In 2 Samuel 6, King David has this moment where he’s overcome by worship after a huge victory and he dances like a crazy man in the street. His wife Michal judged him for doing it (she’d been hurt deeply in her life and understandably wasn’t feeling the joy at this moment), and David responded to her, “I was dancing before the Lord…so I celebrate before him. Yes, and I am willing to look even more foolish than this, even to be humiliated in my own eyes!” 

David made a lot of mistakes but he has so much to teach us about the heart of worship. It’s not about me, about the church, or about what people think of me, the church, or God. Worship is responding to God, body, heart and soul. It takes time and it takes listening to our feelings and opening ourselves to God’s Spirit as a way to move closer to God. 

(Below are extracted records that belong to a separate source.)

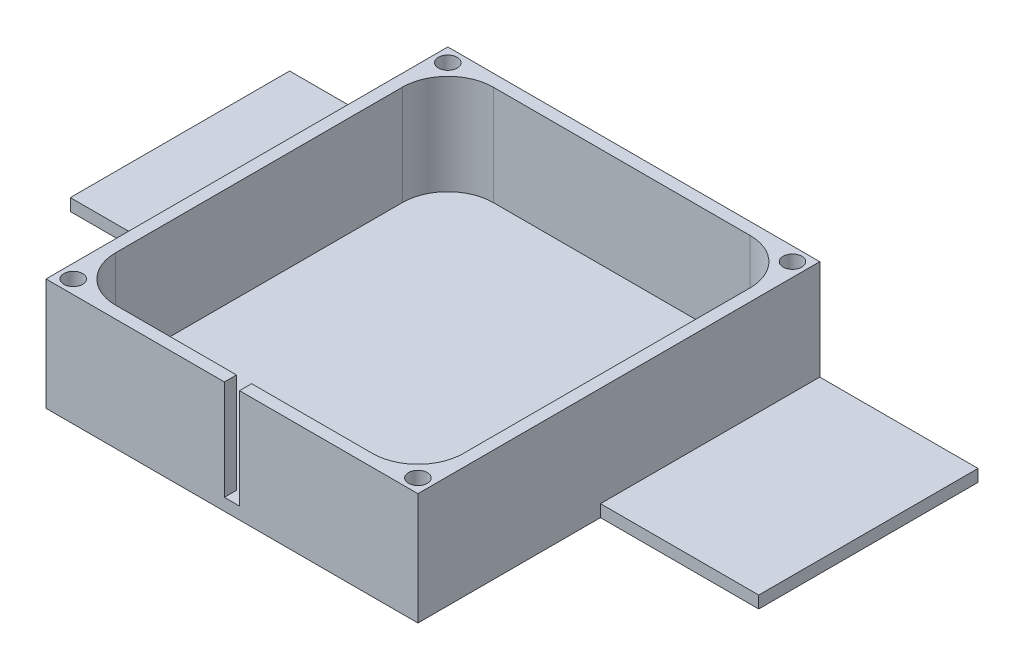
SolidWorks part; units mm, degrees
ref_plane "Front Plane" through (0, 0, 0) normal (0, 0, 1) x (1, 0, 0)
ref_plane "Top Plane" through (0, 0, 0) normal (0, 1, 0) x (1, 0, 0)
ref_plane "Right Plane" through (0, 0, 0) normal (1, 0, 0) x (0, 0, -1)
sketch "Sketch1" plane through (0, 0, 0) normal (0, 1, 0) x (1, 0, 0)
  line L1 (42.2796, -55.1291) -> (42.2796, -47.1291)
  line L2 (42.2796, -47.1291) -> (64.0437, -47.1291)
  line L3 (64.0437, -55.1291) -> (64.0437, -47.1291)
  line L4 (53.1617, -47.1291) -> (53.1617, -16.1356) construction
  line L5 (64.0437, -55.1291) -> (110.0996, -55.1291)
  line L6 (-3.5504, -55.1291) -> (42.2796, -55.1291)
  line L7 (-3.5504, -55.1291) -> (-3.5504, -91.3291)
  line L8 (-3.5504, -91.3291) -> (110.0996, -91.3291)
  line L9 (110.0996, -55.1291) -> (110.0996, -91.3291)
  line L19 (22.5746, -55.1291) -> (83.9746, -55.1291)
  line L20 (22.5746, -55.1291) -> (22.5746, -121.4691)
  line L21 (22.5746, -121.4691) -> (83.9746, -121.4691)
  line L22 (83.9746, -55.1291) -> (83.9746, -121.4691)
  line L23 (22.5746, -55.1291) -> (83.9746, -121.4691) construction
  line L24 (22.5746, -121.4691) -> (83.9746, -55.1291) construction
  circle A0 centre (46.2796, -51.1291) radius 1.55
  circle A1 centre (60.0437, -51.1291) radius 1.55
  point P14 (53.2746, -88.2991)
  point P18 (53.2746, -88.2991)
  dimension "D1" = 3.1
  dimension "D7" = 4
  dimension "D2" = 0
  dimension "D3" = 4
  dimension "D4" = 113.65
  dimension "D5" = 36.2
  dimension "D6" = 66.34
  dimension "D8" = 8
  dimension "D10" = 61.4
extrude "Boss-Extrude1" add sketch "Sketch1" along normal blind 2
sketch "Sketch2" plane through (0, 2, 0) normal (0, 1, 0) x (1, 0, 0)
  line L12 (22.5746, -121.4691) -> (83.9746, -121.4691)
  line L13 (22.5746, -121.4691) -> (22.5746, -55.1291)
  line L14 (22.5746, -55.1291) -> (83.9746, -55.1291)
  line L15 (83.9746, -121.4691) -> (83.9746, -55.1291)
  line L16 (83.9746, -91.3291) -> (83.9746, -121.4691) construction
  line L18 (24.5746, -119.4691) -> (24.5746, -57.1291)
  line L19 (24.5746, -57.1291) -> (81.9746, -57.1291)
  line L20 (81.9746, -119.4691) -> (81.9746, -57.1291)
  line L21 (24.5746, -119.4691) -> (81.9746, -119.4691)
  line L23 (52.0246, -117.4691) -> (54.5246, -117.4691)
  line L24 (52.0246, -117.4691) -> (52.0246, -121.4691)
  line L25 (52.0246, -121.4691) -> (54.5246, -121.4691)
  line L26 (54.5246, -117.4691) -> (54.5246, -121.4691)
  line L27 (52.0246, -117.4691) -> (54.5246, -121.4691) construction
  line L28 (52.0246, -121.4691) -> (54.5246, -117.4691) construction
  point P0 (53.2746, -119.4691)
  line M16 (110.0996, -55.1291) -> (64.0437, -55.1291)
  line M28 (42.2796, -55.1291) -> (-3.5504, -55.1291)
  line M31 (22.5746, -91.3291) -> (22.5746, -121.4691)
  line M32 (22.5746, -121.4691) -> (83.9746, -121.4691)
  line M33 (83.9746, -121.4691) -> (83.9746, -91.3291)
  dimension "D1" = 2.5
  dimension "D4" = 2
extrude "Boss-Extrude2" add sketch "Sketch2" along normal blind 16.5 contours L21 L26 L15 L14 L13 L24 L18 L19 L20 M32 M33 M16 M28 M31
fillet "Fillet1" radius 7.5 4 edges at (24.5746, 10.25, 119.4691) (81.9746, 10.25, 119.4691) (81.9746, 10.25, 57.1291) (24.5746, 10.25, 57.1291)
sketch "Sketch3" plane through (0, 18.5, 0) normal (0, 1, 0) x (1, 0, 0)
  line L2 (22.5746, -91.3291) -> (22.5746, -55.1291) construction
  line L6 (53.2746, -55.1291) -> (53.2746, -121.4691) construction
  line L7 (83.9746, -55.1291) -> (22.5746, -55.1291) construction
  line L8 (52.0246, -121.4691) -> (54.5246, -121.4691) construction
  line L9 (22.5746, -88.2991) -> (83.9746, -88.2991) construction
  line L10 (22.5746, -121.4691) -> (22.5746, -55.1291) construction
  line L11 (83.9746, -121.4691) -> (83.9746, -55.1291) construction
  circle A4 centre (24.8246, -57.3791) radius 1.55
  circle A5 centre (81.7246, -57.3791) radius 1.55
  circle A6 centre (81.7246, -119.2191) radius 1.55
  circle A7 centre (24.8246, -119.2191) radius 1.55
  dimension "D4" = 3.1
  dimension "D5" = 2.25
  dimension "D6" = 2.25
extrude "Cut-Extrude1" cut sketch "Sketch3" against normal blind 10 contours A4 | A5 | A6 | A7

2 thoughts on “It’s [more than] Ok to Raise My Hands in Church

  1. I love this topic so much! I was raised in churches where we did raise our hands, but for me, I realized how afraid I was to do anything besides raise my hands until in grad school I joined some friends at a young adult church that did a lot of Hillsong worship. So many would unashamedly dance and worship from the core of their beings, and my reservation slowly began to ebb away. When I finally let go of my inhibitions, it’s like it broke something inside me that God had had his finger on for quite a while.

    1. I LOVE this! How amazing that even though “raising your hands” was okay – there was still bondage around any other movement. God is all about breaking every chain!